*Task goal*
Verbatim output, no pictures: the lines from the beginning of the material through the line with "doc.layers.add(name, color=color, linetype=linetype)", both ends kept.

*Provided data*
"""
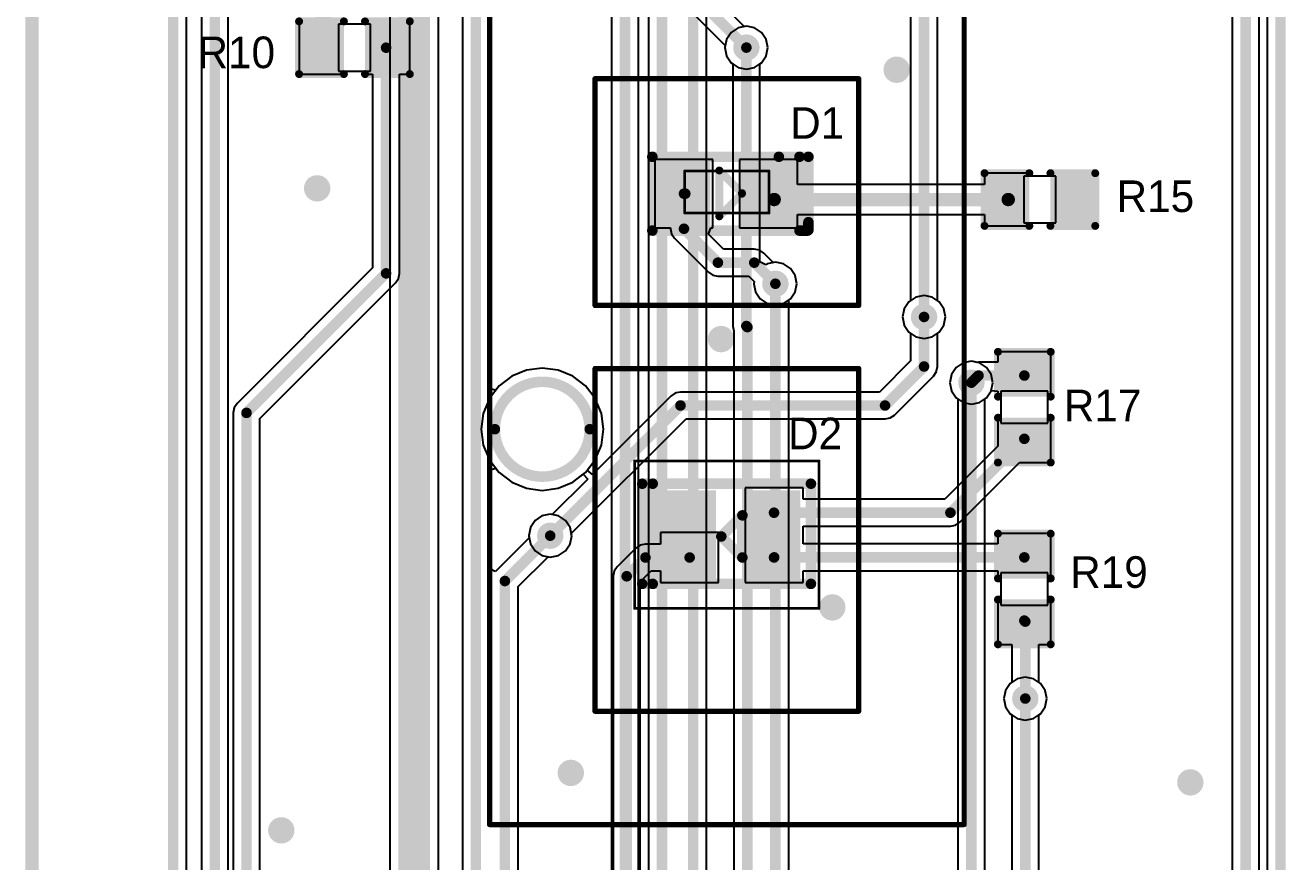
# Model space of a CAD drawing. Extents: x 10.58 to 11.54, y 9.91 to 15.27.
# Drawn here: x 10.598 to 11.539, y 13.464 to 14.089 of the extents above; entities that cross this region are included whole.
import ezdxf

# ---------------------------------------------------------------- set-up
doc = ezdxf.new("R2010")
doc.units = 0
doc.layers.get('0').update_dxf_attribs({"linetype": 'CONTINUOUS'})
for name, color, linetype in [('BOTTOMLAYER', 5, 'CONTINUOUS'), ('KEEPOUTLAYER', 6, 'CONTINUOUS'), ('MULTILAYER', 9, 'CONTINUOUS'), ('TOPLAYER', 1, 'CONTINUOUS'), ('TOPOVERLAY', 2, 'CONTINUOUS'), ('TOPPASTE', 8, 'CONTINUOUS'), ('TOPSOLDER', 216, 'CONTINUOUS'), ('VIAHOLELAYER', 16, 'CONTINUOUS')]:
    doc.layers.add(name, color=color, linetype=linetype)

# ---------------------------------------------------------------- blocks, each defined once
blk = doc.blocks.new('LED_0603_13')
at = {"layer": 'TOPLAYER'}
for points in [[(0.038189, -0.046457), (0.038189, -0.007087), (0.006693, -0.046457), (0.006693, -0.007087)], [(0.101181, -0.046457), (0.101181, -0.007087), (0.069685, -0.046457), (0.069685, -0.007087)]]:
    blk.add_solid(points, dxfattribs=at)
at = {"layer": 'TOPOVERLAY'}
for points, const_width in [([(-0.009449, 0.000394, 1), (-0.005512, 0.000394, 1)], 0.003937), ([(-0.009449, 0.000394, 1), (-0.005512, 0.000394, 1)], 0.003937), ([(-0.009055, 0.000787, 1), (-0.005118, 0.000787, 1)], 0.003937), ([(-0.009055, 0.000787, 1), (-0.005118, 0.000787, 1)], 0.003937), ([(-0.002756, 0.000787, 1), (0.001181, 0.000787, 1)], 0.003937), ([(-0.002756, 0.000787, 1), (0.001181, 0.000787, 1)], 0.003937), ([(-0.002756, 0.000787, 1), (0.001181, 0.000787, 1)], 0.003937), ([(0.107087, 0.000787, 1), (0.111024, 0.000787, 1)], 0.003937), ([(0.107087, 0.000787, 1), (0.111024, 0.000787, 1)], 0.003937), ([(-0.009449, -0.005512, 1), (-0.005512, -0.005512, 1)], 0.003937), ([(-0.009449, -0.005512, 1), (-0.005512, -0.005512, 1)], 0.003937), ([(0.057579, -0.009843, 1), (0.060532, -0.009843, 1)], 0.002953), ([(0.057579, -0.009843, 1), (0.060532, -0.009843, 1)], 0.002953), ([(0.04065, -0.026772, 1), (0.043602, -0.026772, 1)], 0.002953), ([(0.04065, -0.026772, 1), (0.043602, -0.026772, 1)], 0.002953), ([(0.04065, -0.026772, 1), (0.043602, -0.026772, 1)], 0.002953), ([(0.04065, -0.027165, 1), (0.043602, -0.027165, 1)], 0.002953), ([(0.057579, -0.044095, 1), (0.060532, -0.044095, 1)], 0.002953), ([(0.057579, -0.044095, 1), (0.060532, -0.044095, 1)], 0.002953), ([(-0.009449, -0.054331, 1), (-0.005512, -0.054331, 1)], 0.003937), ([(-0.009449, -0.054331, 1), (-0.005512, -0.054331, 1)], 0.003937), ([(-0.002756, -0.054331, 1), (0.001181, -0.054331, 1)], 0.003937), ([(-0.002756, -0.054331, 1), (0.001181, -0.054331, 1)], 0.003937), ([(0.012598, -0.054331, 1), (0.016535, -0.054331, 1)], 0.003937), ([(0.107087, -0.054331, 1), (0.111024, -0.054331, 1)], 0.003937), ([(0.107087, -0.054331, 1), (0.111024, -0.054331, 1)], 0.003937)]:
    blk.add_lwpolyline(points, format="xyb", close=True, dxfattribs=dict(at, const_width=const_width))
for points, const_width in [([(-0.007087, 0.000787), (-0.00748, 0.000394)], 0.007874), ([(-0.00748, 0.000394), (-0.00748, -0.005512)], 0.007874), ([(-0.000787, 0.000787), (-0.007087, 0.000787)], 0.007874), ([(0.109055, 0.000787), (-0.000787, 0.000787)], 0.007874), ([(-0.000787, 0.000787), (-0.000787, -0.054331)], 0.007874), ([(0.109055, 0.000787), (0.109055, -0.054331)], 0.007874), ([(-0.00748, -0.005512), (-0.00748, -0.054331)], 0.007874), ([(0.059055, -0.009843), (0.042126, -0.026772)], 0.005906), ([(0.059055, -0.009843), (0.059055, -0.044095)], 0.005906), ([(0.042126, -0.026772), (0.042126, -0.026772)], 0.005906), ([(0.059055, -0.044095), (0.042126, -0.027165)], 0.005906), ([(0.014567, -0.054331), (-0.00748, -0.054331)], 0.007874), ([(0.109055, -0.054331), (-0.000787, -0.054331)], 0.007874)]:
    blk.add_lwpolyline(points, dxfattribs=dict(at, const_width=const_width))
at = {"layer": 'TOPPASTE'}
for points in [[(0.038189, -0.046457), (0.038189, -0.007087), (0.006693, -0.046457), (0.006693, -0.007087)], [(0.101181, -0.046457), (0.101181, -0.007087), (0.069685, -0.046457), (0.069685, -0.007087)]]:
    blk.add_solid(points, dxfattribs=at)
at = {"layer": 'TOPSOLDER'}
for points in [[(0.042189, -0.050457), (0.042189, -0.003087), (0.002693, -0.050457), (0.002693, -0.003087)], [(0.105181, -0.050457), (0.105181, -0.003087), (0.065685, -0.050457), (0.065685, -0.003087)]]:
    blk.add_solid(points, dxfattribs=at)
blk = doc.blocks.new('0603_2_LED_24')
at = {"layer": 'TOPLAYER'}
for points in [[(-0.015748, 0.04626), (-0.015748, 0.020669), (0.015748, 0.04626), (0.015748, 0.020669)], [(0.047244, 0.04626), (0.047244, 0.020669), (0.07874, 0.04626), (0.07874, 0.020669)], [(-0.015748, 0.012795), (-0.015748, -0.012795), (0.015748, 0.012795), (0.015748, -0.012795)], [(0.047244, 0.012795), (0.047244, -0.012795), (0.07874, 0.012795), (0.07874, -0.012795)]]:
    blk.add_solid(points, dxfattribs=at)
at = {"layer": 'TOPOVERLAY', "const_width": 0.007874}
for points in [[(-0.035433, -0.019685), (-0.035433, 0.055118)], [(-0.035433, 0.055118), (0.090551, 0.055118)], [(-0.027559, -0.019685), (-0.027559, 0.055118)], [(0.090551, -0.019685), (0.090551, 0.055118)], [(0.023622, 0.015748), (0.03937, 0.031496)], [(0.03937, 0), (0.03937, 0.031496)], [(0.023622, 0.015748), (0.03937, 0)], [(-0.035433, -0.019685), (0.090551, -0.019685)]]:
    blk.add_lwpolyline(points, dxfattribs=at)
at = {"layer": 'TOPOVERLAY', "const_width": 0.003937}
for points in [[(-0.037402, 0.055118, 1), (-0.033465, 0.055118, 1)], [(-0.037402, 0.055118, 1), (-0.033465, 0.055118, 1)], [(-0.029528, 0.055118, 1), (-0.025591, 0.055118, 1)], [(0.088583, 0.055118, 1), (0.09252, 0.055118, 1)], [(0.088583, 0.055118, 1), (0.09252, 0.055118, 1)], [(0.037402, 0.031496, 1), (0.041339, 0.031496, 1)], [(0.037402, 0.031496, 1), (0.041339, 0.031496, 1)], [(0.021653, 0.015748, 1), (0.02559, 0.015748, 1)], [(0.021654, 0.015748, 1), (0.025591, 0.015748, 1)], [(0.037402, 0, 1), (0.041339, 0, 1)], [(0.037402, 0, 1), (0.041339, 0, 1)], [(-0.037402, -0.019685, 1), (-0.033465, -0.019685, 1)], [(-0.037402, -0.019685, 1), (-0.033465, -0.019685, 1)], [(-0.029528, -0.019685, 1), (-0.025591, -0.019685, 1)], [(0.088583, -0.019685, 1), (0.09252, -0.019685, 1)], [(0.088583, -0.019685, 1), (0.09252, -0.019685, 1)]]:
    blk.add_lwpolyline(points, format="xyb", close=True, dxfattribs=at)
at = {"layer": 'TOPPASTE'}
for points in [[(-0.015748, 0.04626), (-0.015748, 0.020669), (0.015748, 0.04626), (0.015748, 0.020669)], [(0.047244, 0.04626), (0.047244, 0.020669), (0.07874, 0.04626), (0.07874, 0.020669)], [(-0.015748, 0.012795), (-0.015748, -0.012795), (0.015748, 0.012795), (0.015748, -0.012795)], [(0.047244, 0.012795), (0.047244, -0.012795), (0.07874, 0.012795), (0.07874, -0.012795)]]:
    blk.add_solid(points, dxfattribs=at)
at = {"layer": 'TOPSOLDER'}
for points in [[(-0.019748, 0.05026), (-0.019748, 0.016669), (0.019748, 0.05026), (0.019748, 0.016669)], [(0.043244, 0.05026), (0.043244, 0.016669), (0.08274, 0.05026), (0.08274, 0.016669)], [(-0.019748, 0.016795), (-0.019748, -0.016795), (0.019748, 0.016795), (0.019748, -0.016795)], [(0.043244, 0.016795), (0.043244, -0.016795), (0.08274, 0.016795), (0.08274, -0.016795)]]:
    blk.add_solid(points, dxfattribs=at)
blk = doc.blocks.new('R_0402_39')
at = {"layer": 'TOPLAYER'}
for p, q in [((0.017, 0.0175), (-0.007, 0.0175)), ((-0.007, 0.0175), (-0.007, -0.0175)), ((0.017, -0.0175), (0.017, 0.0175)), ((-0.007, -0.0175), (0.017, -0.0175))]:
    blk.add_line(p, q, dxfattribs=at)
for points in [[(-0.006811, -0.01378), (-0.006811, 0.01378), (-0.030433, -0.01378), (-0.030433, 0.01378)], [(0.040433, -0.01378), (0.040433, 0.01378), (0.016811, -0.01378), (0.016811, 0.01378)]]:
    blk.add_solid(points, dxfattribs=at)
at = {"layer": 'TOPOVERLAY', "const_width": 0.005906}
for points in [[(-0.036339, 0.019685), (-0.036339, -0.019685)], [(-0.002874, 0.019685), (-0.036339, 0.019685)], [(0.046339, 0.019685), (0.012874, 0.019685)], [(0.046339, 0.019685), (0.046339, -0.019685)], [(-0.002874, -0.019685), (-0.036339, -0.019685)], [(0.046339, -0.019685), (0.012874, -0.019685)]]:
    blk.add_lwpolyline(points, dxfattribs=at)
at = {"layer": 'TOPOVERLAY', "const_width": 0.002953}
for points in [[(-0.037815, 0.019685, 1), (-0.034862, 0.019685, 1)], [(-0.037815, 0.019685, 1), (-0.034862, 0.019685, 1)], [(-0.00435, 0.019685, 1), (-0.001398, 0.019685, 1)], [(0.011398, 0.019685, 1), (0.01435, 0.019685, 1)], [(0.044862, 0.019685, 1), (0.047815, 0.019685, 1)], [(0.044862, 0.019685, 1), (0.047815, 0.019685, 1)], [(-0.037815, -0.019685, 1), (-0.034862, -0.019685, 1)], [(-0.037815, -0.019685, 1), (-0.034862, -0.019685, 1)], [(-0.00435, -0.019685, 1), (-0.001398, -0.019685, 1)], [(0.011398, -0.019685, 1), (0.01435, -0.019685, 1)], [(0.044862, -0.019685, 1), (0.047815, -0.019685, 1)], [(0.044862, -0.019685, 1), (0.047815, -0.019685, 1)]]:
    blk.add_lwpolyline(points, format="xyb", close=True, dxfattribs=at)
at = {"layer": 'TOPPASTE'}
for points in [[(-0.006811, -0.01378), (-0.006811, 0.01378), (-0.030433, -0.01378), (-0.030433, 0.01378)], [(0.040433, -0.01378), (0.040433, 0.01378), (0.016811, -0.01378), (0.016811, 0.01378)]]:
    blk.add_solid(points, dxfattribs=at)
at = {"layer": 'TOPSOLDER'}
for points in [[(-0.002811, -0.01778), (-0.002811, 0.01778), (-0.034433, -0.01778), (-0.034433, 0.01778)], [(0.044433, -0.01778), (0.044433, 0.01778), (0.012811, -0.01778), (0.012811, 0.01778)]]:
    blk.add_solid(points, dxfattribs=at)
blk = doc.blocks.new('R_0402_42')
at = {"layer": 'TOPLAYER'}
for p, q in [((0.017, 0.0175), (-0.007, 0.0175)), ((-0.007, 0.0175), (-0.007, -0.0175)), ((0.017, -0.0175), (0.017, 0.0175)), ((-0.007, -0.0175), (0.017, -0.0175))]:
    blk.add_line(p, q, dxfattribs=at)
for points in [[(-0.006811, -0.01378), (-0.006811, 0.01378), (-0.030433, -0.01378), (-0.030433, 0.01378)], [(0.040433, -0.01378), (0.040433, 0.01378), (0.016811, -0.01378), (0.016811, 0.01378)]]:
    blk.add_solid(points, dxfattribs=at)
at = {"layer": 'TOPOVERLAY', "const_width": 0.005906}
for points in [[(-0.036339, -0.019685), (-0.036339, 0.019685)], [(-0.036339, 0.019685), (-0.002874, 0.019685)], [(0.012874, 0.019685), (0.046339, 0.019685)], [(0.046339, -0.019685), (0.046339, 0.019685)], [(-0.036339, -0.019685), (-0.002874, -0.019685)], [(0.012874, -0.019685), (0.046339, -0.019685)]]:
    blk.add_lwpolyline(points, dxfattribs=at)
at = {"layer": 'TOPOVERLAY', "const_width": 0.002953}
for points in [[(-0.037815, 0.019685, 1), (-0.034862, 0.019685, 1)], [(-0.037815, 0.019685, 1), (-0.034862, 0.019685, 1)], [(-0.00435, 0.019685, 1), (-0.001398, 0.019685, 1)], [(0.011398, 0.019685, 1), (0.01435, 0.019685, 1)], [(0.044862, 0.019685, 1), (0.047815, 0.019685, 1)], [(0.044862, 0.019685, 1), (0.047815, 0.019685, 1)], [(-0.037815, -0.019685, 1), (-0.034862, -0.019685, 1)], [(-0.037815, -0.019685, 1), (-0.034862, -0.019685, 1)], [(-0.00435, -0.019685, 1), (-0.001398, -0.019685, 1)], [(0.011398, -0.019685, 1), (0.01435, -0.019685, 1)], [(0.044862, -0.019685, 1), (0.047815, -0.019685, 1)], [(0.044862, -0.019685, 1), (0.047815, -0.019685, 1)]]:
    blk.add_lwpolyline(points, format="xyb", close=True, dxfattribs=at)
at = {"layer": 'TOPPASTE'}
for points in [[(-0.006811, -0.01378), (-0.006811, 0.01378), (-0.030433, -0.01378), (-0.030433, 0.01378)], [(0.040433, -0.01378), (0.040433, 0.01378), (0.016811, -0.01378), (0.016811, 0.01378)]]:
    blk.add_solid(points, dxfattribs=at)
at = {"layer": 'TOPSOLDER'}
for points in [[(-0.002811, -0.01778), (-0.002811, 0.01778), (-0.034433, -0.01778), (-0.034433, 0.01778)], [(0.044433, -0.01778), (0.044433, 0.01778), (0.012811, -0.01778), (0.012811, 0.01778)]]:
    blk.add_solid(points, dxfattribs=at)
blk = doc.blocks.new('R_0402_44')
at = {"layer": 'TOPLAYER'}
for p, q in [((0.017, 0.0175), (-0.007, 0.0175)), ((-0.007, 0.0175), (-0.007, -0.0175)), ((0.017, -0.0175), (0.017, 0.0175)), ((-0.007, -0.0175), (0.017, -0.0175))]:
    blk.add_line(p, q, dxfattribs=at)
for points in [[(-0.006811, -0.01378), (-0.006811, 0.01378), (-0.030433, -0.01378), (-0.030433, 0.01378)], [(0.040433, -0.01378), (0.040433, 0.01378), (0.016811, -0.01378), (0.016811, 0.01378)]]:
    blk.add_solid(points, dxfattribs=at)
at = {"layer": 'TOPOVERLAY', "const_width": 0.005906}
for points in [[(-0.036339, -0.019685), (-0.036339, 0.019685)], [(-0.002874, 0.019685), (-0.036339, 0.019685)], [(0.046339, 0.019685), (0.012874, 0.019685)], [(0.046339, -0.019685), (0.046339, 0.019685)], [(-0.002874, -0.019685), (-0.036339, -0.019685)], [(0.046339, -0.019685), (0.012874, -0.019685)]]:
    blk.add_lwpolyline(points, dxfattribs=at)
at = {"layer": 'TOPOVERLAY', "const_width": 0.002953}
for points in [[(-0.037815, 0.019685, 1), (-0.034862, 0.019685, 1)], [(-0.037815, 0.019685, 1), (-0.034862, 0.019685, 1)], [(-0.00435, 0.019685, 1), (-0.001398, 0.019685, 1)], [(0.011398, 0.019685, 1), (0.01435, 0.019685, 1)], [(0.044862, 0.019685, 1), (0.047815, 0.019685, 1)], [(0.044862, 0.019685, 1), (0.047815, 0.019685, 1)], [(-0.037815, -0.019685, 1), (-0.034862, -0.019685, 1)], [(-0.037815, -0.019685, 1), (-0.034862, -0.019685, 1)], [(-0.00435, -0.019685, 1), (-0.001398, -0.019685, 1)], [(0.011398, -0.019685, 1), (0.01435, -0.019685, 1)], [(0.044862, -0.019685, 1), (0.047815, -0.019685, 1)], [(0.044862, -0.019685, 1), (0.047815, -0.019685, 1)]]:
    blk.add_lwpolyline(points, format="xyb", close=True, dxfattribs=at)
at = {"layer": 'TOPPASTE'}
for points in [[(-0.006811, -0.01378), (-0.006811, 0.01378), (-0.030433, -0.01378), (-0.030433, 0.01378)], [(0.040433, -0.01378), (0.040433, 0.01378), (0.016811, -0.01378), (0.016811, 0.01378)]]:
    blk.add_solid(points, dxfattribs=at)
at = {"layer": 'TOPSOLDER'}
for points in [[(-0.002811, -0.01778), (-0.002811, 0.01778), (-0.034433, -0.01778), (-0.034433, 0.01778)], [(0.044433, -0.01778), (0.044433, 0.01778), (0.012811, -0.01778), (0.012811, 0.01778)]]:
    blk.add_solid(points, dxfattribs=at)
blk = doc.blocks.new('R_0402_46')
at = {"layer": 'TOPLAYER'}
for p, q in [((0.017, 0.0175), (-0.007, 0.0175)), ((-0.007, 0.0175), (-0.007, -0.0175)), ((0.017, -0.0175), (0.017, 0.0175)), ((-0.007, -0.0175), (0.017, -0.0175))]:
    blk.add_line(p, q, dxfattribs=at)
for points in [[(-0.006811, -0.01378), (-0.006811, 0.01378), (-0.030433, -0.01378), (-0.030433, 0.01378)], [(0.040433, -0.01378), (0.040433, 0.01378), (0.016811, -0.01378), (0.016811, 0.01378)]]:
    blk.add_solid(points, dxfattribs=at)
at = {"layer": 'TOPOVERLAY', "const_width": 0.005906}
for points in [[(-0.036339, 0.019685), (-0.036339, -0.019685)], [(-0.036339, 0.019685), (-0.002874, 0.019685)], [(0.012874, 0.019685), (0.046339, 0.019685)], [(0.046339, 0.019685), (0.046339, -0.019685)], [(-0.036339, -0.019685), (-0.002874, -0.019685)], [(0.012874, -0.019685), (0.046339, -0.019685)]]:
    blk.add_lwpolyline(points, dxfattribs=at)
at = {"layer": 'TOPOVERLAY', "const_width": 0.002953}
for points in [[(-0.037815, 0.019685, 1), (-0.034862, 0.019685, 1)], [(-0.037815, 0.019685, 1), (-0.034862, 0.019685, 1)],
"""
*Result of the exercise*
# Model space of a CAD drawing. Extents: x 10.58 to 11.54, y 9.91 to 15.27.
# Drawn here: x 10.598 to 11.539, y 13.464 to 14.089 of the extents above; entities that cross this region are included whole.
import ezdxf

# ---------------------------------------------------------------- set-up
doc = ezdxf.new("R2010")
doc.units = 0
doc.layers.get('0').update_dxf_attribs({"linetype": 'CONTINUOUS'})
for name, color, linetype in [('BOTTOMLAYER', 5, 'CONTINUOUS'), ('KEEPOUTLAYER', 6, 'CONTINUOUS'), ('MULTILAYER', 9, 'CONTINUOUS'), ('TOPLAYER', 1, 'CONTINUOUS'), ('TOPOVERLAY', 2, 'CONTINUOUS'), ('TOPPASTE', 8, 'CONTINUOUS'), ('TOPSOLDER', 216, 'CONTINUOUS'), ('VIAHOLELAYER', 16, 'CONTINUOUS')]:
    doc.layers.add(name, color=color, linetype=linetype)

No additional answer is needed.